From the records below, print exactly the lines starting at the one containing "Phoenix MKDS-1,5-2, 2" and ending at the one containing "(xy 191.721421 122.698496)))", ends included, and nothing else.

━━━

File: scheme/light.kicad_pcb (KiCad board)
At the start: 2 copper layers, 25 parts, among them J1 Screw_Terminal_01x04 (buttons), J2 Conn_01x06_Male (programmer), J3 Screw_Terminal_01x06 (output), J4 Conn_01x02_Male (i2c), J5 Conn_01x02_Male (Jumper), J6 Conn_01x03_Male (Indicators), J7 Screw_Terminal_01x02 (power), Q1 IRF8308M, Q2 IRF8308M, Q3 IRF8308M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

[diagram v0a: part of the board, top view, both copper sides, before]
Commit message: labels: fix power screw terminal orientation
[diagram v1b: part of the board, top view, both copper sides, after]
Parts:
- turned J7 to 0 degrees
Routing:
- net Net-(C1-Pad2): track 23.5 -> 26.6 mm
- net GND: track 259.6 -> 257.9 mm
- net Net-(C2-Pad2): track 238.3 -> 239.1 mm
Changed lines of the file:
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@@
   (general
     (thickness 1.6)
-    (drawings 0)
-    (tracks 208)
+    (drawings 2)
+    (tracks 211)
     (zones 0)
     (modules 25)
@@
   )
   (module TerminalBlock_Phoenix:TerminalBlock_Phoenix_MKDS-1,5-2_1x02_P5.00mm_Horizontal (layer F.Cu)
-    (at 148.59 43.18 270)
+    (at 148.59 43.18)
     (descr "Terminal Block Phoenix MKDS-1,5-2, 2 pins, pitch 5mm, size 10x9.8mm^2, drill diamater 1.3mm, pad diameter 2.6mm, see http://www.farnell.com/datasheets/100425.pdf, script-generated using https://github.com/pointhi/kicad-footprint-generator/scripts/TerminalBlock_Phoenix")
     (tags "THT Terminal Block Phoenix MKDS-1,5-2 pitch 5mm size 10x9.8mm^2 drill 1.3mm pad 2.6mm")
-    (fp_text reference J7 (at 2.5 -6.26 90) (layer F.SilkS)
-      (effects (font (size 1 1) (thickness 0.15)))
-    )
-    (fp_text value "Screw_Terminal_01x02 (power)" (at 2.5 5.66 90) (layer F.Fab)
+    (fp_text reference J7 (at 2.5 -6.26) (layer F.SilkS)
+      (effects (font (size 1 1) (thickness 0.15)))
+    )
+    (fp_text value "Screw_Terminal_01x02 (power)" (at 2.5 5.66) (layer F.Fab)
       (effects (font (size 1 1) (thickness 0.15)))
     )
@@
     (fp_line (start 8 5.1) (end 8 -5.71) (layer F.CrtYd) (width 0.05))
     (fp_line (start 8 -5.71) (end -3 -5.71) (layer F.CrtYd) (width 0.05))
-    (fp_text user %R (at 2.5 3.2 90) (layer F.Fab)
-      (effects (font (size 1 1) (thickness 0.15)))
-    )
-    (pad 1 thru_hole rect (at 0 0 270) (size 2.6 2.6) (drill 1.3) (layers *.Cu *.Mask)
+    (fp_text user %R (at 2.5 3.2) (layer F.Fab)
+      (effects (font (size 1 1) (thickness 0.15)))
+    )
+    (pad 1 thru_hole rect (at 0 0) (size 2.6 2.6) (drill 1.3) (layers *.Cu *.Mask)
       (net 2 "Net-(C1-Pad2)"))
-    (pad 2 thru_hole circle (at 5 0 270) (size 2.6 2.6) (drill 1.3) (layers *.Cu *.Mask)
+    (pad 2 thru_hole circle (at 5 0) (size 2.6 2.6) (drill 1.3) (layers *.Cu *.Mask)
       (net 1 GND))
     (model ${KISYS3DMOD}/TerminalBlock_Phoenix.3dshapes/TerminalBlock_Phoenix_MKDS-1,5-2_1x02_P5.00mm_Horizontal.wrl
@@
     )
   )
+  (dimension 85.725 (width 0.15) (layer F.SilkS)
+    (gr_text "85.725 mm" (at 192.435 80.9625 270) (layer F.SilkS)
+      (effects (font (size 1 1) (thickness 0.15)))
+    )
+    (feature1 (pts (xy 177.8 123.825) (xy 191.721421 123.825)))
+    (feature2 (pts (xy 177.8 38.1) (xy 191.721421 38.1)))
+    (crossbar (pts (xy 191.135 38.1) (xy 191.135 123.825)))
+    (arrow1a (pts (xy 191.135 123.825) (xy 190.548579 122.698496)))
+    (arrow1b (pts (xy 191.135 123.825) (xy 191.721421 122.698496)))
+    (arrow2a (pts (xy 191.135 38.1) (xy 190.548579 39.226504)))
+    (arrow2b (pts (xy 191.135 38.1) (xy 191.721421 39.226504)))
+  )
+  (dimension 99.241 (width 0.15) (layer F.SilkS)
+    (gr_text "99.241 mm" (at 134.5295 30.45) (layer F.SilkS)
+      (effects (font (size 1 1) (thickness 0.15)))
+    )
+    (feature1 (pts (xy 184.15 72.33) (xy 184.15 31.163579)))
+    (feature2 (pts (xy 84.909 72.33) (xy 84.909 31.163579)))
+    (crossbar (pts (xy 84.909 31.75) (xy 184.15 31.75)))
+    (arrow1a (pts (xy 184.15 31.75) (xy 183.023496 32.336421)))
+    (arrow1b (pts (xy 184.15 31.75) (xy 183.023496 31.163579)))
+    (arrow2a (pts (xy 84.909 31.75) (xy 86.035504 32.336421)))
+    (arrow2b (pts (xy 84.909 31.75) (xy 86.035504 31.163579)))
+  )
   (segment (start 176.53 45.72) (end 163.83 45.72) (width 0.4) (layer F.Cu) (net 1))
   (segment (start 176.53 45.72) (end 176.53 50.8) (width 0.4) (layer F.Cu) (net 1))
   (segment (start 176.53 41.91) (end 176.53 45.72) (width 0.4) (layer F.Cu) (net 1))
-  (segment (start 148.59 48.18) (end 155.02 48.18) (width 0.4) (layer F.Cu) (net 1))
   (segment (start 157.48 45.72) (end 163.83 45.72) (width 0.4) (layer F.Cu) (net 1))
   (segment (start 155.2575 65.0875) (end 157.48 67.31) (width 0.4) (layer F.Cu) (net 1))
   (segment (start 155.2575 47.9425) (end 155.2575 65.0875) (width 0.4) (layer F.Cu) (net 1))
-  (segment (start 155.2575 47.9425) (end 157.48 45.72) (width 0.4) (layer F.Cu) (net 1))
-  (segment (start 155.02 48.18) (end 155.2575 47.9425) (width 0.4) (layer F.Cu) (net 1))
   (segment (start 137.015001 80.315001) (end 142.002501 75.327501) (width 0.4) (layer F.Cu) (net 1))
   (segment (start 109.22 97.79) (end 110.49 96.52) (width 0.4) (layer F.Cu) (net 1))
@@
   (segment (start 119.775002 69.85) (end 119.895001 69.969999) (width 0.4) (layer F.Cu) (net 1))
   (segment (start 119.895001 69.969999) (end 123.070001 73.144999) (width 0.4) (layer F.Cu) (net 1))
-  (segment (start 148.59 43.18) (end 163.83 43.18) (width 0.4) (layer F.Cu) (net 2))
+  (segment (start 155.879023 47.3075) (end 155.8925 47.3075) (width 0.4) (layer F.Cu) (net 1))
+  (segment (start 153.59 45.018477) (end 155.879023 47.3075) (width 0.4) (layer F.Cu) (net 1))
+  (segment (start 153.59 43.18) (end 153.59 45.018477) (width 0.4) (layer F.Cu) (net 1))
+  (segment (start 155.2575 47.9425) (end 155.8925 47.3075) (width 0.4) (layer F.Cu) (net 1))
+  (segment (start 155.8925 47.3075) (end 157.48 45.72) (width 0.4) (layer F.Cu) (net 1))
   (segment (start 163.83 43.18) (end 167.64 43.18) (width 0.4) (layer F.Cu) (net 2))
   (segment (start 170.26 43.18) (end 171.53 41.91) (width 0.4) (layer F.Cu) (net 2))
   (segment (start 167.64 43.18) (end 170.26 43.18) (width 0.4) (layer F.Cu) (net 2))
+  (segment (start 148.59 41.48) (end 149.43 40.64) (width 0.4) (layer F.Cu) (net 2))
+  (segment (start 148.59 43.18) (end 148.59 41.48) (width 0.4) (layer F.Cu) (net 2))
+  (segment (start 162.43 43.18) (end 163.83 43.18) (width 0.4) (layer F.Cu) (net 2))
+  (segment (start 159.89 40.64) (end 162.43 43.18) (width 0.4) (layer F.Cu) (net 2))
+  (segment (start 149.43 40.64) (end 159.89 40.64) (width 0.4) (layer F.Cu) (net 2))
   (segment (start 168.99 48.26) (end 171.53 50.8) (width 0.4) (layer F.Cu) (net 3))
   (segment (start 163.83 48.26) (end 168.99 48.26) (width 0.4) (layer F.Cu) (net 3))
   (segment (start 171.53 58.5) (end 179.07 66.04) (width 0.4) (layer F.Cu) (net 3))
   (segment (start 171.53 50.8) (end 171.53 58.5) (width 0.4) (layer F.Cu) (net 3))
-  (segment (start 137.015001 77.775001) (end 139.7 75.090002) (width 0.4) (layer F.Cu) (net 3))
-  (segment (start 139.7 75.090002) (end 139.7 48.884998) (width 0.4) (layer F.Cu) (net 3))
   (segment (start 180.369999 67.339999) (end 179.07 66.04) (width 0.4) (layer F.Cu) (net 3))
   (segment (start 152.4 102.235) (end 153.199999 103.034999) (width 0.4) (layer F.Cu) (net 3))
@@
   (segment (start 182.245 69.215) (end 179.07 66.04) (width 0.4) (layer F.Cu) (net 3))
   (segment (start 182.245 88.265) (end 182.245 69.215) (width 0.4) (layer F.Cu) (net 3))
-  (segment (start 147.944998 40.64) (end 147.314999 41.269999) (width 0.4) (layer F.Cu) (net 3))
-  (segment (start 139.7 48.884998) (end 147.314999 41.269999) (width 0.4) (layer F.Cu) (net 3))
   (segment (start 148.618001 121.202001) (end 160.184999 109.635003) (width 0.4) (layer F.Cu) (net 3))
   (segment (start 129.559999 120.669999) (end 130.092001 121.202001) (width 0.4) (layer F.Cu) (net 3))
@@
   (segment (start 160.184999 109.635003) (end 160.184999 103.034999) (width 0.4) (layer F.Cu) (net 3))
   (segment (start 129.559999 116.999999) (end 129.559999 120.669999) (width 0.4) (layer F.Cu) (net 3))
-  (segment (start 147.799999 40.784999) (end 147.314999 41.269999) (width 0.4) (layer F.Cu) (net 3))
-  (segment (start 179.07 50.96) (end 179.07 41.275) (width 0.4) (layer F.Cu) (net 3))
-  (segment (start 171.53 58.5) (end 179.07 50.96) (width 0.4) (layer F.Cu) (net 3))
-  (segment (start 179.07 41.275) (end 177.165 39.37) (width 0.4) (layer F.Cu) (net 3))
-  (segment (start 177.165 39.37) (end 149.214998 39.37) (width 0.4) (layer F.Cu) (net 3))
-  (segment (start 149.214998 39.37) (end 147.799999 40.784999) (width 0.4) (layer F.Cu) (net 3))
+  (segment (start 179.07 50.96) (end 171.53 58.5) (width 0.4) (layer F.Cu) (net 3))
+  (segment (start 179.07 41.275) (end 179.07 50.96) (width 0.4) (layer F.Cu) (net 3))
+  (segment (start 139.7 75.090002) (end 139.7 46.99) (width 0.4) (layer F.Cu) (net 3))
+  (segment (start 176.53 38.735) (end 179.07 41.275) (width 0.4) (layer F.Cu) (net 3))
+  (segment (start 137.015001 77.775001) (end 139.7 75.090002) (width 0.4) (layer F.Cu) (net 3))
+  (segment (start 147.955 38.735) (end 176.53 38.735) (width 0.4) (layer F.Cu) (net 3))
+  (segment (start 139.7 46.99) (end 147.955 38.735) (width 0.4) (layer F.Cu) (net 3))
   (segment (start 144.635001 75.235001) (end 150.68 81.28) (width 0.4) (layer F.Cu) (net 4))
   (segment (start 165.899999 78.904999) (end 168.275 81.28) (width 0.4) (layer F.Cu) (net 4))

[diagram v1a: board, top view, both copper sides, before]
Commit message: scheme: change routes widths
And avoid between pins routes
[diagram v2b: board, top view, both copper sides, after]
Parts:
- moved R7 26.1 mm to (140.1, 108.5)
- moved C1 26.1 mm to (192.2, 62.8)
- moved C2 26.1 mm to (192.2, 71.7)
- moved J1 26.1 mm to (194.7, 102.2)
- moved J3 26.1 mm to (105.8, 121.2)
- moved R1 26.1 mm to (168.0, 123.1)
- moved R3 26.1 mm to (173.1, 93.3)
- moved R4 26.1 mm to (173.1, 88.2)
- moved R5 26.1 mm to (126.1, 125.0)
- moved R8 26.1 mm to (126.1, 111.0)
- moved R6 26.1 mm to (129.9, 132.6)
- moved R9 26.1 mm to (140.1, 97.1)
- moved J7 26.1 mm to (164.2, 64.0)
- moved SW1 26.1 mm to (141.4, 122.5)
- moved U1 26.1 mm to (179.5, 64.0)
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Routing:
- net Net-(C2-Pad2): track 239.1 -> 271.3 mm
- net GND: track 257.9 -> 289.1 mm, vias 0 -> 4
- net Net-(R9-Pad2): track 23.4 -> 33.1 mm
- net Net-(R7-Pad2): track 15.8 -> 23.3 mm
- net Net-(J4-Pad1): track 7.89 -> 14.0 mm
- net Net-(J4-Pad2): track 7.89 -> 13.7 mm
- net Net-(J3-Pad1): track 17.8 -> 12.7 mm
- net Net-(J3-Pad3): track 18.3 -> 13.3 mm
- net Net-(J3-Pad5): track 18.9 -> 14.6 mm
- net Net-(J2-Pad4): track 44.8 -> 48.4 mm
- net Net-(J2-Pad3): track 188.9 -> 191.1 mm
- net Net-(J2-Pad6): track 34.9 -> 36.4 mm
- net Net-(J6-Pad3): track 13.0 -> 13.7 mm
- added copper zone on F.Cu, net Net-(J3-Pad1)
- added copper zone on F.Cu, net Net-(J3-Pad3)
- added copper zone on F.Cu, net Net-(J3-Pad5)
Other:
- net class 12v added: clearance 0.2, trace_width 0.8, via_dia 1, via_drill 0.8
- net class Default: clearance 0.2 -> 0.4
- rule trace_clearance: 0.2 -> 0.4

━━━

**RESPONSE**
     (descr "Terminal Block Phoenix MKDS-1,5-2, 2 pins, pitch 5mm, size 10x9.8mm^2, drill diamater 1.3mm, pad diameter 2.6mm, see http://www.farnell.com/datasheets/100425.pdf, script-generated using https://github.com/pointhi/kicad-footprint-generator/scripts/TerminalBlock_Phoenix")
     (tags "THT Terminal Block Phoenix MKDS-1,5-2 pitch 5mm size 10x9.8mm^2 drill 1.3mm pad 2.6mm")
-    (fp_text reference J7 (at 2.5 -6.26 90) (layer F.SilkS)
-      (effects (font (size 1 1) (thickness 0.15)))
-    )
-    (fp_text value "Screw_Terminal_01x02 (power)" (at 2.5 5.66 90) (layer F.Fab)
+    (fp_text reference J7 (at 2.5 -6.26) (layer F.SilkS)
+      (effects (font (size 1 1) (thickness 0.15)))
+    )
+    (fp_text value "Screw_Terminal_01x02 (power)" (at 2.5 5.66) (layer F.Fab)
       (effects (font (size 1 1) (thickness 0.15)))
     )
@@
     (fp_line (start 8 5.1) (end 8 -5.71) (layer F.CrtYd) (width 0.05))
     (fp_line (start 8 -5.71) (end -3 -5.71) (layer F.CrtYd) (width 0.05))
-    (fp_text user %R (at 2.5 3.2 90) (layer F.Fab)
-      (effects (font (size 1 1) (thickness 0.15)))
-    )
-    (pad 1 thru_hole rect (at 0 0 270) (size 2.6 2.6) (drill 1.3) (layers *.Cu *.Mask)
+    (fp_text user %R (at 2.5 3.2) (layer F.Fab)
+      (effects (font (size 1 1) (thickness 0.15)))
+    )
+    (pad 1 thru_hole rect (at 0 0) (size 2.6 2.6) (drill 1.3) (layers *.Cu *.Mask)
       (net 2 "Net-(C1-Pad2)"))
-    (pad 2 thru_hole circle (at 5 0 270) (size 2.6 2.6) (drill 1.3) (layers *.Cu *.Mask)
+    (pad 2 thru_hole circle (at 5 0) (size 2.6 2.6) (drill 1.3) (layers *.Cu *.Mask)
       (net 1 GND))
     (model ${KISYS3DMOD}/TerminalBlock_Phoenix.3dshapes/TerminalBlock_Phoenix_MKDS-1,5-2_1x02_P5.00mm_Horizontal.wrl
@@
     )
   )
+  (dimension 85.725 (width 0.15) (layer F.SilkS)
+    (gr_text "85.725 mm" (at 192.435 80.9625 270) (layer F.SilkS)
+      (effects (font (size 1 1) (thickness 0.15)))
+    )
+    (feature1 (pts (xy 177.8 123.825) (xy 191.721421 123.825)))
+    (feature2 (pts (xy 177.8 38.1) (xy 191.721421 38.1)))
+    (crossbar (pts (xy 191.135 38.1) (xy 191.135 123.825)))
+    (arrow1a (pts (xy 191.135 123.825) (xy 190.548579 122.698496)))
+    (arrow1b (pts (xy 191.135 123.825) (xy 191.721421 122.698496)))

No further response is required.